Fitting negative binomial distribution and goodness-of-fit
The package MASS
provides a function, fitdistr
to fit an observation over discrete distribution using Maximum likelihood.
Obtaining data
We first need to generate some data to fit. The rnegbin(n,mu,theta)
function can be used to generate n
samples of negative binomial with mean mu
and variance mu + mu^2 / theta
. To describe the distribution in terms of \(r\) (number of successes) and \(p\) (probability of success), we need to derive these parameters from the properties of \(NB\) distribution, i.e.
\[ \begin{align} r &= \frac{\mu p}{1 - p} = \theta \\ p &= \frac{\theta}{\mu + \theta} \end{align} \]
In the example below, we sample \(X\) from a negative binomial distribution with * mean \(\mu=\) 5 * variance \(\sigma^2 = \mu + \mu^2/\theta,\, \theta=\) 1
or equivalently
\(X \sim NB(r=\) 1\(,p=\) 0.1666667\()\)
Fitting with pre-determined distribution
If we know \(X \sim NB(r,p)\), we can fit the data using this distribution.
x_plot = seq(0, 100,1)
nbfit = fitdistr(x,'negative binomial')
nbfit
## size mu
## 1.1955179 4.4299973
## (0.2341407) (0.4565670)
The fitted model contains 2 parameters, which can be converted to our conventional \((r,p)\) as following
r.fit = nbfit$estimate['size']
p.fit = r.fit / (nbfit$estimate['mu'] + r.fit)
The effects of sample size
Conventional wisdom tells us that the more samples we have, the better we should be able to infer, i.e. the less error we make. When the number samples increase, we should expect the inferred parameters to approach the true value. The graphs below clearly illustrate that when the number of samples increases * Log-likelihood approaches zero, i.e. the more confident we are * \((r,p)\) approach the true values
Goodness-of-fit
What if we don’t know the distribution of \(X\) before hand? There are multiple statistical hypothesis tests to evaluate whether a distribution is good for fitting a data set, for example Shapiro-Wilk for normality, Anderson-Darling for a given distribution…

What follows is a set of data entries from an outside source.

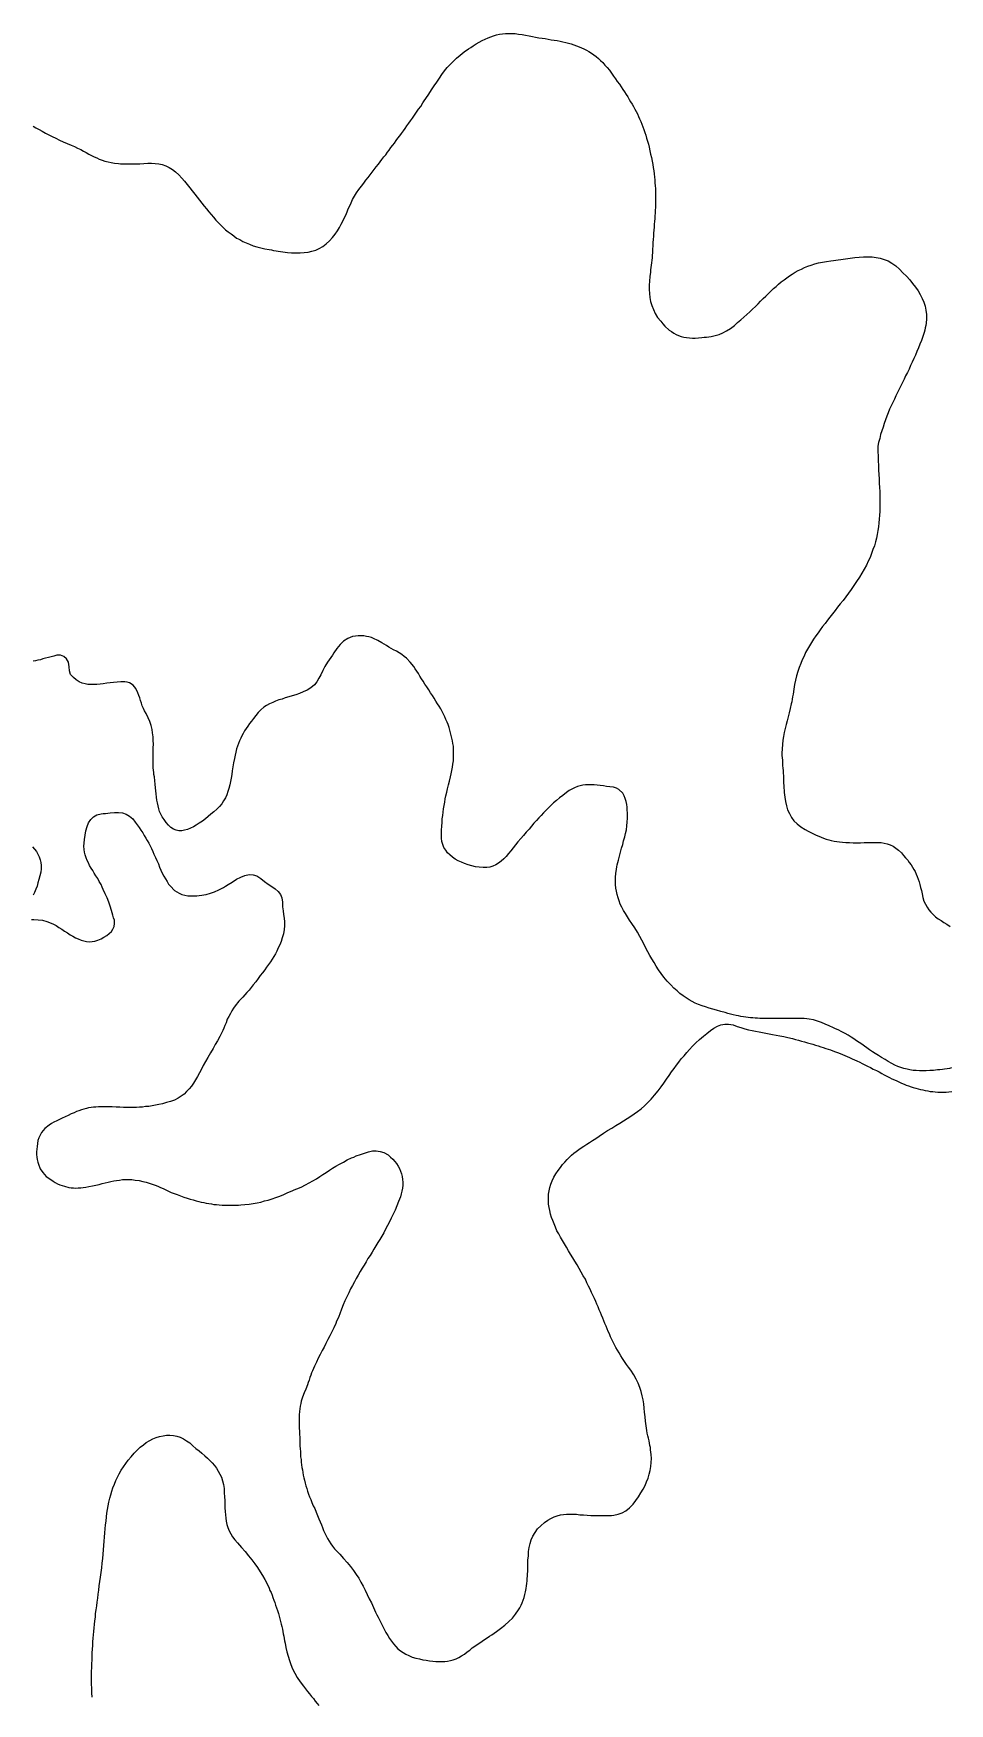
# Model space of a CAD drawing. Header units: inches. Extents: x 401374 to 405300, y 6332180 to 6336621.
# Drawn here: x 404099 to 404506, y 6335778 to 6336520 of the extents above; entities that cross this region are included whole.
import ezdxf

# ---------------------------------------------------------------- set-up
doc = ezdxf.new("R2010")
doc.units = ezdxf.units.IN
doc.header["$MEASUREMENT"] = 0

msp = doc.modelspace()

# ---------------------------------------------------------------- linework, layer by layer
for points in [[(404099.1, 6336479.2), (404100.4, 6336478.4), (404101.8, 6336477.7), (404103.2, 6336476.9), (404104.6, 6336476.1), (404106.1, 6336475.3), (404107.6, 6336474.6), (404109.2, 6336473.8), (404110.8, 6336473), (404112.5, 6336472.3), (404114.2, 6336471.5), (404116.1, 6336470.8), (404117.5, 6336470.1), (404118.9, 6336469.4), (404120.3, 6336468.8), (404121.5, 6336468.1), (404122.7, 6336467.5), (404123.9, 6336466.8), (404125, 6336466.2), (404126.2, 6336465.6), (404127.4, 6336465.1), (404128.5, 6336464.6), (404129.8, 6336464.1), (404131, 6336463.7), (404132.4, 6336463.3), (404133.8, 6336463), (404135.3, 6336462.7), (404137, 6336462.6), (404138, 6336462.5), (404139, 6336462.4), (404140.9, 6336462.4), (404142.8, 6336462.4), (404144.7, 6336462.4), (404146.5, 6336462.5), (404148.3, 6336462.6), (404150, 6336462.7), (404151.7, 6336462.7), (404153.3, 6336462.6), (404154.9, 6336462.4), (404156.5, 6336462.1), (404158, 6336461.6), (404159.5, 6336460.9), (404161, 6336460), (404162.4, 6336458.9), (404163.9, 6336457.6), (404165.1, 6336456.1), (404166.3, 6336454.7), (404167.5, 6336453.2), (404168.7, 6336451.8), (404169.8, 6336450.4), (404170.9, 6336449), (404172, 6336447.6), (404173, 6336446.3), (404174.1, 6336445), (404175.1, 6336443.6), (404176.1, 6336442.4), (404177.1, 6336441.1), (404178.2, 6336439.9), (404179.2, 6336438.7), (404180.2, 6336437.5), (404181.3, 6336436.4), (404182.4, 6336435.3), (404183.5, 6336434.2), (404184.6, 6336433.2), (404185.8, 6336432.2), (404187, 6336431.3), (404188.2, 6336430.4), (404189.5, 6336429.5), (404190.9, 6336428.8), (404192.2, 6336428), (404193.7, 6336427.3), (404195.2, 6336426.7), (404196.8, 6336426.1), (404198.4, 6336425.6), (404200.2, 6336425.1), (404202, 6336424.7), (404203.9, 6336424.4), (404204.9, 6336424.2), (404205.9, 6336424), (404207, 6336423.8), (404208, 6336423.7), (404209, 6336423.5), (404210, 6336423.4), (404212, 6336423.1), (404213.9, 6336422.9), (404215.8, 6336422.9), (404217.7, 6336422.9), (404219.5, 6336423), (404221.2, 6336423.2), (404222.9, 6336423.6), (404224.6, 6336424.1), (404226.2, 6336424.8), (404227.7, 6336425.7), (404229.2, 6336426.9), (404230.7, 6336428.2), (404232.1, 6336429.8), (404233.2, 6336431.2), (404234.2, 6336432.7), (404235.1, 6336434.2), (404235.9, 6336435.6), (404236.6, 6336437), (404237.2, 6336438.3), (404237.9, 6336439.7), (404238.5, 6336441.1), (404239, 6336442.4), (404239.7, 6336443.8), (404240.3, 6336445.2), (404241, 6336446.6), (404241.8, 6336448.1), (404242.7, 6336449.5), (404243.7, 6336451), (404244.9, 6336452.6), (404245.9, 6336453.9), (404246.9, 6336455.2), (404247.9, 6336456.4), (404248.8, 6336457.6), (404249.7, 6336458.8), (404250.6, 6336460), (404251.5, 6336461.1), (404252.4, 6336462.3), (404253.2, 6336463.3), (404254, 6336464.4), (404254.9, 6336465.5), (404255.7, 6336466.5), (404256.5, 6336467.6), (404257.2, 6336468.6), (404258, 6336469.7), (404258.8, 6336470.7), (404259.6, 6336471.7), (404260.3, 6336472.8), (404261.1, 6336473.8), (404261.9, 6336474.9), (404262.7, 6336476), (404263.5, 6336477.1), (404264.3, 6336478.2), (404265.1, 6336479.3), (404265.9, 6336480.5), (404266.7, 6336481.6), (404267.6, 6336482.8), (404268.5, 6336484.1), (404269.3, 6336485.4), (404270.3, 6336486.7), (404271.2, 6336488), (404272.2, 6336489.5), (404272.8, 6336490.5), (404273.5, 6336491.5), (404274.8, 6336493.4), (404276, 6336495.3), (404277.2, 6336497.1), (404278.4, 6336498.8), (404279.5, 6336500.5), (404280.6, 6336502.1), (404281.8, 6336503.7), (404283, 6336505.2), (404284.3, 6336506.6), (404285.7, 6336508), (404287.1, 6336509.4), (404288.7, 6336510.8), (404290.5, 6336512.2), (404292.4, 6336513.5), (404293.4, 6336514.2), (404294.5, 6336514.9), (404295.9, 6336515.7), (404297.2, 6336516.5), (404298.5, 6336517.2), (404299.8, 6336517.8), (404301.1, 6336518.4), (404302.4, 6336518.9), (404303.6, 6336519.3), (404304.9, 6336519.7), (404306.2, 6336520), (404307.5, 6336520.2), (404308.8, 6336520.4), (404310.2, 6336520.4), (404311.6, 6336520.4), (404313.1, 6336520.3), (404314.6, 6336520.1), (404316.3, 6336519.9), (404317.8, 6336519.6), (404319.3, 6336519.3), (404320.8, 6336519), (404322.2, 6336518.8), (404323.6, 6336518.5), (404325.1, 6336518.3), (404326.4, 6336518.1), (404327.8, 6336517.9), (404329.2, 6336517.6), (404330.5, 6336517.4), (404331.8, 6336517.2), (404333.1, 6336516.9), (404334.3, 6336516.6), (404335.6, 6336516.3), (404336.8, 6336516), (404338, 6336515.7), (404339.2, 6336515.3), (404340.4, 6336514.9), (404341.5, 6336514.5), (404342.6, 6336514), (404343.7, 6336513.5), (404344.8, 6336512.9), (404345.9, 6336512.3), (404347, 6336511.6), (404348, 6336510.9), (404349.1, 6336510.1), (404350.1, 6336509.3), (404351.1, 6336508.3), (404352.1, 6336507.4), (404353, 6336506.3), (404354, 6336505.2), (404355, 6336504), (404355.9, 6336502.7), (404356.8, 6336501.4), (404357.7, 6336500.2), (404358.5, 6336499), (404359.4, 6336497.8), (404360.2, 6336496.7), (404360.9, 6336495.5), (404361.7, 6336494.4), (404362.4, 6336493.3), (404363.1, 6336492.2), (404363.8, 6336491.1), (404364.4, 6336490), (404365.1, 6336488.9), (404365.7, 6336487.9), (404366.2, 6336486.8), (404366.8, 6336485.7), (404367.4, 6336484.6), (404367.9, 6336483.5), (404368.4, 6336482.4), (404368.9, 6336481.2), (404369.4, 6336480.1), (404369.8, 6336478.9), (404370.3, 6336477.7), (404370.7, 6336476.4), (404371.1, 6336475.2), (404371.5, 6336473.9), (404371.9, 6336472.5), (404372.3, 6336471.2), (404372.6, 6336469.8), (404373, 6336468.3), (404373.3, 6336466.8), (404373.7, 6336465.3), (404373.9, 6336463.7), (404374.2, 6336462.2), (404374.4, 6336460.8), (404374.7, 6336459.4), (404374.8, 6336458), (404375, 6336456.6), (404375.1, 6336455.3), (404375.2, 6336454), (404375.3, 6336452.7), (404375.4, 6336451.5), (404375.4, 6336450.2), (404375.5, 6336449), (404375.5, 6336447.8), (404375.5, 6336446.6), (404375.5, 6336445.4), (404375.4, 6336444.2), (404375.4, 6336443), (404375.3, 6336441.8), (404375.3, 6336440.6), (404375.2, 6336439.3), (404375.1, 6336438.1), (404375, 6336436.9), (404374.9, 6336435.6), (404374.8, 6336434.3), (404374.7, 6336433), (404374.6, 6336431.7), (404374.5, 6336430.3), (404374.4, 6336428.9), (404374.3, 6336427.5), (404374.2, 6336426), (404374.1, 6336424.5), (404374.1, 6336423), (404374, 6336421.8), (404373.9, 6336420.7), (404373.8, 6336419.6), (404373.7, 6336418.5), (404373.5, 6336417.4), (404373.4, 6336416.4), (404373.3, 6336415.4), (404373.2, 6336414.3), (404373, 6336412.4), (404372.8, 6336410.4), (404372.7, 6336408.5), (404372.7, 6336406.7), (404372.8, 6336404.9), (404373, 6336403.1), (404373.3, 6336401.3), (404373.8, 6336399.5), (404374.5, 6336397.8), (404375.3, 6336396), (404376.4, 6336394.2), (404377.8, 6336392.5), (404378.7, 6336391.3), (404379.6, 6336390.3), (404381.5, 6336388.6), (404382.5, 6336387.9), (404383.6, 6336387.2), (404384.6, 6336386.7), (404385.7, 6336386.2), (404386.9, 6336385.8), (404388, 6336385.5), (404389.2, 6336385.3), (404390.5, 6336385.1), (404391.8, 6336385), (404393.1, 6336385), (404394.5, 6336385.1), (404396, 6336385.3), (404397.1, 6336385.4), (404398.1, 6336385.5), (404400.1, 6336385.8), (404402, 6336386.2), (404403.7, 6336386.7), (404405.4, 6336387.4), (404407, 6336388.2), (404408.7, 6336389.3), (404410.5, 6336390.7), (404411.9, 6336391.9), (404413.3, 6336393.1), (404414.7, 6336394.3), (404416, 6336395.5), (404417.3, 6336396.7), (404418.5, 6336397.9), (404419.8, 6336399.1), (404421, 6336400.3), (404422.1, 6336401.5), (404423.3, 6336402.6), (404424.4, 6336403.7), (404425.6, 6336404.8), (404426.7, 6336405.9), (404427.8, 6336407), (404429, 6336408), (404430.1, 6336409), (404431.3, 6336410), (404432.5, 6336410.9), (404433.7, 6336411.8), (404434.9, 6336412.7), (404436.1, 6336413.5), (404437.4, 6336414.3), (404438.8, 6336415), (404440.2, 6336415.7), (404441.6, 6336416.4), (404443.1, 6336417), (404444.6, 6336417.5), (404446.2, 6336418), (404447.8, 6336418.4), (404449.6, 6336418.8), (404451.4, 6336419.1), (404453.3, 6336419.4), (404454.4, 6336419.5), (404455.5, 6336419.6), (404456.6, 6336419.8), (404457.7, 6336419.9), (404458.8, 6336420.1), (404459.8, 6336420.2), (404460.9, 6336420.4), (404461.9, 6336420.5), (404462.9, 6336420.7), (404463.9, 6336420.8), (404465.9, 6336421), (404467.8, 6336421.1), (404469.7, 6336421.2), (404471.6, 6336421.1), (404473.4, 6336420.9), (404475.2, 6336420.5), (404476.9, 6336420), (404478.7, 6336419.3), (404480.4, 6336418.3), (404482.1, 6336417.1), (404483.8, 6336415.7), (404485.3, 6336414.1), (404486.9, 6336412.5), (404488.3, 6336410.9), (404489.6, 6336409.3), (404490.9, 6336407.7), (404492, 6336406.1), (404493, 6336404.4), (404493.9, 6336402.7), (404494.6, 6336401), (404495.1, 6336399.2), (404495.5, 6336397.4), (404495.7, 6336395.5), (404495.8, 6336393.6), (404495.6, 6336391.6), (404495.4, 6336390.6), (404495.2, 6336389.6), (404495, 6336388.5), (404494.7, 6336387.5), (404494.1, 6336385.7), (404493.5, 6336384), (404492.8, 6336382.3), (404492.2, 6336380.7), (404491.5, 6336379.1), (404490.8, 6336377.5), (404490.1, 6336375.9), (404489.4, 6336374.4), (404488.7, 6336372.8), (404488, 6336371.3), (404487.3, 6336369.8), (404486.5, 6336368.3), (404485.8, 6336366.8), (404485.1, 6336365.3), (404484.3, 6336363.9), (404483.6, 6336362.4), (404482.9, 6336360.9), (404482.2, 6336359.4), (404481.5, 6336357.9), (404480.8, 6336356.4), (404480.1, 6336354.9), (404479.4, 6336353.4), (404478.8, 6336351.9), (404478.2, 6336350.3), (404477.6, 6336348.7), (404477, 6336347.1), (404476.5, 6336345.5), (404475.9, 6336343.9), (404475.4, 6336342.2), (404475, 6336340.5), (404474.5, 6336338.7), (404474.2, 6336337)], [(404474.2, 6336337), (404474.2, 6336334.7), (404474.3, 6336332.6), (404474.3, 6336330.5), (404474.4, 6336328.4), (404474.5, 6336326.4), (404474.6, 6336324.4), (404474.7, 6336322.5), (404474.8, 6336320.6), (404474.9, 6336318.7), (404475, 6336316.9), (404475, 6336315), (404475.1, 6336313.2), (404475.1, 6336311.5), (404475.1, 6336309.7), (404475, 6336308), (404474.9, 6336306.3), (404474.8, 6336304.6), (404474.6, 6336302.9), (404474.4, 6336301.2), (404474.2, 6336299.5), (404473.9, 6336297.8), (404473.5, 6336296.1), (404473.1, 6336294.5), (404472.6, 6336292.8), (404472, 6336291.1), (404471.4, 6336289.4), (404470.7, 6336287.6), (404469.9, 6336285.9), (404469.1, 6336284.1), (404468.1, 6336282.4), (404467.1, 6336280.6), (404466, 6336278.8), (404464.7, 6336276.9), (404463.5, 6336275.1), (404462.3, 6336273.4), (404461.1, 6336271.7), (404459.9, 6336270.1), (404458.7, 6336268.5), (404457.5, 6336267), (404456.3, 6336265.5), (404455.2, 6336264), (404454, 6336262.6), (404452.9, 6336261.1), (404451.8, 6336259.7), (404450.7, 6336258.3), (404449.6, 6336256.9), (404448.6, 6336255.5), (404447.6, 6336254.1), (404446.6, 6336252.7), (404445.6, 6336251.3), (404444.7, 6336249.8), (404443.8, 6336248.3), (404443, 6336246.8), (404442.1, 6336245.3), (404441.4, 6336243.7), (404440.6, 6336242.1), (404439.9, 6336240.4), (404439.3, 6336238.7), (404438.7, 6336236.9), (404438.1, 6336235), (404437.6, 6336233.1), (404437.2, 6336231.1), (404436.8, 6336229), (404436.5, 6336226.9), (404436.3, 6336225.7), (404436.1, 6336224.6), (404435.9, 6336223.5), (404435.7, 6336222.5), (404435.3, 6336220.5), (404434.8, 6336218.6), (404434.3, 6336216.8), (404433.9, 6336215), (404433.4, 6336213.3), (404433, 6336211.6), (404432.6, 6336209.8), (404432.3, 6336208.1), (404432, 6336206.4), (404431.8, 6336204.5), (404431.7, 6336202.6), (404431.6, 6336200.7), (404431.6, 6336199.6), (404431.7, 6336198.6), (404431.8, 6336197.5), (404431.9, 6336196.4), (404431.9, 6336195.2), (404432, 6336194), (404432.1, 6336192.9), (404432.1, 6336191.7), (404432.2, 6336190.6), (404432.2, 6336189.5), (404432.3, 6336188.4), (404432.3, 6336187.3), (404432.4, 6336186.2), (404432.4, 6336185.2), (404432.5, 6336184.1), (404432.6, 6336183.1), (404432.7, 6336182.1), (404432.8, 6336181.1), (404433.1, 6336179.1), (404433.6, 6336177.2), (404434.1, 6336175.5), (404434.9, 6336173.8), (404435.8, 6336172.1), (404436.9, 6336170.6), (404438.3, 6336169.2), (404439.9, 6336167.9), (404441.9, 6336166.8), (404443.2, 6336166), (404444.4, 6336165.4), (404445.6, 6336164.8), (404446.8, 6336164.2), (404447.9, 6336163.7), (404449, 6336163.3), (404450.1, 6336162.9), (404451.2, 6336162.5), (404452.4, 6336162.2), (404453.5, 6336161.9), (404454.7, 6336161.6), (404455.9, 6336161.4), (404457.2, 6336161.2), (404458.5, 6336161.1), (404460, 6336161), (404461.5, 6336160.9), (404463.2, 6336160.8), (404464.9, 6336160.8), (404466.5, 6336160.8), (404468.1, 6336160.9), (404469.7, 6336160.9), (404471.2, 6336161), (404472.7, 6336161), (404474.2, 6336161), (404475.6, 6336160.9), (404477, 6336160.6), (404478.3, 6336160.3), (404479.6, 6336159.9), (404480.9, 6336159.3), (404482.2, 6336158.5), (404483.4, 6336157.5), (404484.7, 6336156.4), (404485.6, 6336155.2), (404486.5, 6336154.1), (404487.4, 6336153.1), (404488.1, 6336152.1), (404488.9, 6336151), (404489.5, 6336150), (404490.1, 6336149), (404490.7, 6336148), (404491.2, 6336146.9), (404491.6, 6336145.8), (404492.1, 6336144.7), (404492.5, 6336143.5), (404492.8, 6336142.3), (404493.1, 6336141), (404493.5, 6336139.6), (404493.8, 6336138.2), (404494.1, 6336136.5), (404494.6, 6336134.9), (404495.3, 6336133.5), (404496, 6336132.2), (404496.8, 6336131.1), (404497.7, 6336130), (404498.7, 6336129), (404499.8, 6336128), (404501, 6336127.1), (404502.2, 6336126.3), (404503.5, 6336125.4), (404504.8, 6336124.6), (404506.2, 6336123.7)], [(404506.9, 6336060.8), (404505.9, 6336060.6), (404504.9, 6336060.4), (404503.8, 6336060.2), (404502.8, 6336060.1), (404501.7, 6336060), (404500.6, 6336059.9), (404498.8, 6336059.7), (404497.2, 6336059.6), (404495.6, 6336059.5), (404494.1, 6336059.5), (404492.6, 6336059.5), (404491.2, 6336059.6), (404489.8, 6336059.7), (404488.4, 6336059.9), (404487.1, 6336060.2), (404485.7, 6336060.6), (404484.4, 6336061), (404483.1, 6336061.5), (404481.7, 6336062.1), (404480.3, 6336062.8), (404478.8, 6336063.6), (404477.4, 6336064.5), (404475.8, 6336065.4), (404474.4, 6336066.3), (404473, 6336067.2), (404471.8, 6336068), (404470.5, 6336068.9), (404469.3, 6336069.7), (404468.2, 6336070.5), (404467.1, 6336071.3), (404465.9, 6336072.1), (404464.7, 6336072.9), (404463.5, 6336073.7), (404462.3, 6336074.5), (404461, 6336075.3), (404459.6, 6336076.1), (404458.1, 6336076.8), (404456.5, 6336077.7), (404455.4, 6336078.1), (404454.4, 6336078.6), (404452.5, 6336079.5), (404450.8, 6336080.3), (404449.1, 6336081), (404447.4, 6336081.6), (404445.6, 6336082.1), (404443.7, 6336082.5), (404442.6, 6336082.6), (404441.5, 6336082.7), (404440.1, 6336082.7), (404438.9, 6336082.7), (404437.6, 6336082.8), (404436.4, 6336082.8), (404435.3, 6336082.8), (404434.1, 6336082.8), (404433, 6336082.8), (404431.9, 6336082.8), (404430.8, 6336082.8), (404429.8, 6336082.8), (404428.7, 6336082.7), (404427.7, 6336082.7), (404426.7, 6336082.7), (404425.7, 6336082.7), (404424.7, 6336082.7), (404423.7, 6336082.8), (404421.7, 6336082.8), (404420.7, 6336082.9), (404419.7, 6336082.9), (404418.7, 6336083), (404417.6, 6336083.1), (404416.6, 6336083.2), (404415.5, 6336083.4), (404414.5, 6336083.5), (404413.4, 6336083.7), (404412.3, 6336083.9), (404411.2, 6336084.1), (404410, 6336084.4), (404408.8, 6336084.7), (404407.6, 6336085), (404406.4, 6336085.4), (404404.4, 6336085.9), (404402.6, 6336086.4), (404400.9, 6336086.9), (404399.2, 6336087.4), (404397.6, 6336087.9), (404396.1, 6336088.4), (404394.6, 6336089), (404393.1, 6336089.6), (404391.7, 6336090.3), (404390.4, 6336091.1), (404389, 6336091.9), (404387.7, 6336092.8), (404386.3, 6336093.8), (404385, 6336095), (404383.6, 6336096.2), (404382.3, 6336097.7), (404380.7, 6336099.4), (404379.2, 6336101.1), (404378, 6336102.7), (404376.8, 6336104.4), (404375.7, 6336106), (404374.8, 6336107.6), (404373.8, 6336109.2), (404373, 6336110.8), (404372.1, 6336112.4), (404371.2, 6336114), (404370.4, 6336115.7), (404369.4, 6336117.5), (404368.5, 6336119.2), (404367.4, 6336121.1), (404366.2, 6336123), (404365, 6336125), (404363.9, 6336126.5), (404363, 6336128), (404362.1, 6336129.4), (404361.2, 6336130.8), (404360.5, 6336132.2), (404359.8, 6336133.6), (404359.3, 6336135), (404358.8, 6336136.4), (404358.4, 6336137.8), (404358.1, 6336139.3), (404357.8, 6336140.7), (404357.7, 6336142.3), (404357.7, 6336143.9), (404357.7, 6336145.5), (404357.9, 6336147.2), (404358.2, 6336149.1), (404358.3, 6336150.1), (404358.5, 6336151.1), (404359, 6336153.1), (404359.4, 6336154.9), (404359.9, 6336156.7), (404360.4, 6336158.4), (404360.9, 6336160.1), (404361.3, 6336161.7), (404361.8, 6336163.4), (404362.1, 6336165), (404362.5, 6336166.6), (404362.7, 6336168.3), (404362.9, 6336170), (404363, 6336171.8), (404363, 6336173.7), (404362.9, 6336175.7), (404362.8, 6336176.7), (404362.7, 6336177.8), (404362.4, 6336179.1), (404362, 6336180.5), (404361.5, 6336181.7), (404360.9, 6336182.8), (404359.2, 6336184.5), (404358.1, 6336185.1), (404356.8, 6336185.5), (404355.2, 6336185.7), (404353.7, 6336185.9), (404352.3, 6336186.1), (404350.9, 6336186.3), (404349.5, 6336186.4), (404348.2, 6336186.5), (404346.9, 6336186.6), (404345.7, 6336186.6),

Assuming Poisson distribution
We’ll explore how the Pearson chi-squared test can tell if a distribution, e.g. Poisson can properly describe our data set.
\[ \chi^2 = \sum_{i=1}^{n}\frac{(O_i - E_i)^2}{E_i} \] where * \(O_i\) is the observed frequency in bin \(i\) * \(E_i\) is the expected frequency for bin \(i\)
We want to test whether
\[ \begin{align} H_0 \equiv X \sim Poisson(\lambda) \\ \lambda = \mu \end{align} \]
Under \(H_0\), the outcome of \(X\) would be
nsamples = length(x)
f.obs = table(x)
bins = as.numeric(names(f.obs))
f.hyp = dpois(bins,lambda = mu)*nsamples
chiSquare.pois = sum((f.obs-f.hyp)^2/f.hyp)
Assuming NB distribution
nsamples = length(x)
f.obs = table(x)
bins = as.numeric(names(f.obs))
f.hyp = dnbinom(bins,size=r.fit,prob=p.fit)*nsamples
chiSquare.nb = sum((f.obs-f.hyp)^2/f.hyp)
dof = length(bins) - 1
The goodness-of-fit for each distribution is determined by consulting the \(\chi^2\) distribution with 32 degree-of-freedom.
Distribution | chi-squared | P(chi.sq) |
---|---|---|
Poisson | 5.400142e+14 | 0.000000e+00 |
Negative binomial | 9.787575e+01 | 4.717345e-09 |
In other words, it’s extremely unlikely that \(X \sim Poisson(\lambda=\) 5 \()\) (Prob = 0 ). The decision with \(H_0 \equiv X \sim NB(r =\) 1 \(, p=\) 0.1666667 \()\) is a bit more difficult, depending on our choice of threshold. In fact it seems this goodness-of-fit test does not do a good job in telling good fit from a bad one.